- Opening Delimiter -

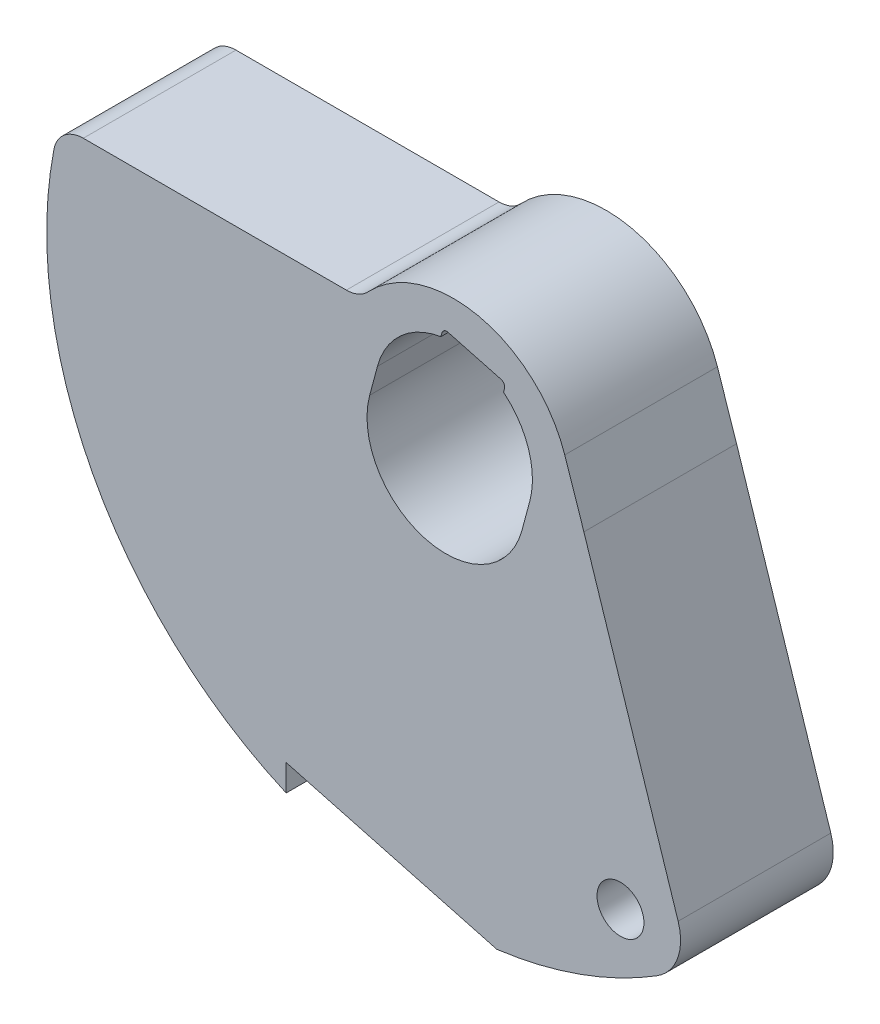
ISO-10303-21;
HEADER;
FILE_DESCRIPTION(('STEP AP214'),'2;1');
FILE_NAME('part.step','',(''),(''),'','','');
FILE_SCHEMA(('AUTOMOTIVE_DESIGN { 1 0 10303 214 1 1 1 1 }'));
ENDSEC;
DATA;
#1=APPLICATION_CONTEXT('core data for automotive mechanical design processes');
#2=APPLICATION_PROTOCOL_DEFINITION('international standard','automotive_design',2000,#1);
#3=PRODUCT_CONTEXT('',#1,'mechanical');
#4=PRODUCT('Part','Part','',(#3));
#5=PRODUCT_RELATED_PRODUCT_CATEGORY('part','',(#4));
#6=PRODUCT_DEFINITION_FORMATION('','',#4);
#7=PRODUCT_DEFINITION_CONTEXT('part definition',#1,'design');
#8=PRODUCT_DEFINITION('design','',#6,#7);
#9=PRODUCT_DEFINITION_SHAPE('','',#8);
#10=(LENGTH_UNIT() NAMED_UNIT(*) SI_UNIT(.MILLI.,.METRE.));
#11=(NAMED_UNIT(*) PLANE_ANGLE_UNIT() SI_UNIT($,.RADIAN.));
#12=(NAMED_UNIT(*) SI_UNIT($,.STERADIAN.) SOLID_ANGLE_UNIT());
#13=UNCERTAINTY_MEASURE_WITH_UNIT(LENGTH_MEASURE(1.E-05),#10,'distance_accuracy_value','');
#14=(GEOMETRIC_REPRESENTATION_CONTEXT(3) GLOBAL_UNCERTAINTY_ASSIGNED_CONTEXT((#13)) GLOBAL_UNIT_ASSIGNED_CONTEXT((#10,
#11,#12)) REPRESENTATION_CONTEXT('',''));
#15=CARTESIAN_POINT('',(0.,0.,0.));
#16=DIRECTION('',(0.,0.,1.));
#17=DIRECTION('',(1.,0.,0.));
#18=AXIS2_PLACEMENT_3D('',#15,#16,#17);
#19=CARTESIAN_POINT('',(0.,0.,-7.7724));
#20=DIRECTION('',(0.,0.,1.));
#21=DIRECTION('',(1.,0.,0.));
#22=AXIS2_PLACEMENT_3D('',#19,#20,#21);
#23=PLANE('',#22);
#24=DIRECTION('',(0.258819045102514,0.96592582628907,0.));
#25=VECTOR('',#24,1.);
#26=CARTESIAN_POINT('',(-1.59474353920326,0.427310243464251,-7.7724));
#27=LINE('',#26,#25);
#28=CARTESIAN_POINT('',(-0.253578298371034,5.43260706359561,-7.7724));
#29=VERTEX_POINT('',#28);
#30=CARTESIAN_POINT('',(-0.201054745135242,5.62862763286563,-7.7724));
#31=VERTEX_POINT('',#30);
#32=EDGE_CURVE('E330',#29,#31,#27,.T.);
#33=ORIENTED_EDGE('',*,*,#32,.F.);
#34=CARTESIAN_POINT('',(0.394440224736231,1.47207095926454,-7.7724));
#35=DIRECTION('',(0.,0.,1.));
#36=DIRECTION('',(1.,0.,0.));
#37=AXIS2_PLACEMENT_3D('',#34,#35,#36);
#38=CIRCLE('',#37,4.0132);
#39=CARTESIAN_POINT('',(-3.48201330132707,2.51076355106995,-7.7724));
#40=VERTEX_POINT('',#39);
#41=EDGE_CURVE('E221',#29,#40,#38,.T.);
#42=ORIENTED_EDGE('',*,*,#41,.T.);
#43=DIRECTION('',(0.258819045102514,0.96592582628907,0.));
#44=VECTOR('',#43,1.);
#45=CARTESIAN_POINT('',(-3.8764535260633,1.03869259180541,-7.7724));
#46=LINE('',#45,#44);
#47=CARTESIAN_POINT('',(-3.8764535260633,1.03869259180541,-7.7724));
#48=VERTEX_POINT('',#47);
#49=EDGE_CURVE('E351',#48,#40,#46,.T.);
#50=ORIENTED_EDGE('',*,*,#49,.F.);
#51=CARTESIAN_POINT('',(0.,0.,-7.7724));
#52=DIRECTION('',(0.,0.,1.));
#53=DIRECTION('',(1.,0.,0.));
#54=AXIS2_PLACEMENT_3D('',#51,#52,#53);
#55=CIRCLE('',#54,4.0132);
#56=CARTESIAN_POINT('',(3.8764535260633,-1.03869259180541,-7.7724));
#57=VERTEX_POINT('',#56);
#58=EDGE_CURVE('E349',#48,#57,#55,.T.);
#59=ORIENTED_EDGE('',*,*,#58,.T.);
#60=DIRECTION('',(-0.258819045102514,-0.96592582628907,0.));
#61=VECTOR('',#60,1.);
#62=CARTESIAN_POINT('',(3.8764535260633,-1.03869259180541,-7.7724));
#63=LINE('',#62,#61);
#64=CARTESIAN_POINT('',(4.27089375079953,0.433378367459132,-7.7724));
#65=VERTEX_POINT('',#64);
#66=EDGE_CURVE('E346',#65,#57,#63,.T.);
#67=ORIENTED_EDGE('',*,*,#66,.F.);
#68=CARTESIAN_POINT('',(0.394440224736231,1.47207095926454,-7.7724));
#69=DIRECTION('',(0.,0.,1.));
#70=DIRECTION('',(1.,0.,0.));
#71=AXIS2_PLACEMENT_3D('',#68,#69,#70);
#72=CIRCLE('',#71,4.0132);
#73=CARTESIAN_POINT('',(2.93590878003548,4.5779865766671,-7.7724));
#74=VERTEX_POINT('',#73);
#75=EDGE_CURVE('E343',#65,#74,#72,.T.);
#76=ORIENTED_EDGE('',*,*,#75,.T.);
#77=DIRECTION('',(0.258819045102513,0.96592582628907,0.));
#78=VECTOR('',#77,1.);
#79=CARTESIAN_POINT('',(1.59474353920326,-0.427310243464251,-7.7724));
#80=LINE('',#79,#78);
#81=CARTESIAN_POINT('',(2.98843233327127,4.77400714593713,-7.7724));
#82=VERTEX_POINT('',#81);
#83=EDGE_CURVE('E341',#74,#82,#80,.T.);
#84=ORIENTED_EDGE('',*,*,#83,.T.);
#85=CARTESIAN_POINT('',(2.74308717339385,4.83974718339317,-7.7724));
#86=DIRECTION('',(0.,0.,1.));
#87=DIRECTION('',(1.,0.,0.));
#88=AXIS2_PLACEMENT_3D('',#85,#86,#87);
#89=CIRCLE('',#88,0.254);
#90=CARTESIAN_POINT('',(2.80882721084989,5.0850923432706,-7.7724));
#91=VERTEX_POINT('',#90);
#92=EDGE_CURVE('E338',#91,#82,#89,.F.);
#93=ORIENTED_EDGE('',*,*,#92,.F.);
#94=DIRECTION('',(-0.96592582628907,0.258819045102514,0.));
#95=VECTOR('',#94,1.);
#96=CARTESIAN_POINT('',(1.45942883152406,5.44666254927881,-7.7724));
#97=LINE('',#96,#95);
#98=CARTESIAN_POINT('',(0.110030452198222,5.80823275528702,-7.7724));
#99=VERTEX_POINT('',#98);
#100=EDGE_CURVE('E336',#91,#99,#97,.T.);
#101=ORIENTED_EDGE('',*,*,#100,.T.);
#102=CARTESIAN_POINT('',(0.044290414742182,5.5628875954096,-7.7724));
#103=DIRECTION('',(0.,0.,1.));
#104=DIRECTION('',(1.,0.,0.));
#105=AXIS2_PLACEMENT_3D('',#102,#103,#104);
#106=CIRCLE('',#105,0.254);
#107=EDGE_CURVE('E333',#31,#99,#106,.F.);
#108=ORIENTED_EDGE('',*,*,#107,.F.);
#109=EDGE_LOOP('',(#33,#42,#50,#59,#67,#76,#84,#93,#101,#108));
#110=FACE_BOUND('',#109,.T.);
#111=CARTESIAN_POINT('',(8.89000000000001,-15.24,-7.7724));
#112=DIRECTION('',(0.,0.,1.));
#113=DIRECTION('',(1.,0.,0.));
#114=AXIS2_PLACEMENT_3D('',#111,#112,#113);
#115=CIRCLE('',#114,1.1938);
#116=CARTESIAN_POINT('',(10.0838,-15.24,-7.7724));
#117=VERTEX_POINT('',#116);
#118=EDGE_CURVE('E327',#117,#117,#115,.T.);
#119=ORIENTED_EDGE('',*,*,#118,.T.);
#120=EDGE_LOOP('',(#119));
#121=FACE_BOUND('',#120,.T.);
#122=DIRECTION('',(-0.309016994374945,0.951056516295155,0.));
#123=VECTOR('',#122,1.);
#124=CARTESIAN_POINT('',(6.4943201526941,2.11013253125259,-7.7724));
#125=LINE('',#124,#123);
#126=CARTESIAN_POINT('',(11.8264250960001,-14.3003990712514,-7.7724));
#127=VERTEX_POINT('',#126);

- Closing Delimiter -

TASK INSTRUCTIONS → Among the lines above, some may include the string "mechanical"; state how many, and nothing more.

ANSWER FOR THIS EXERCISE → 2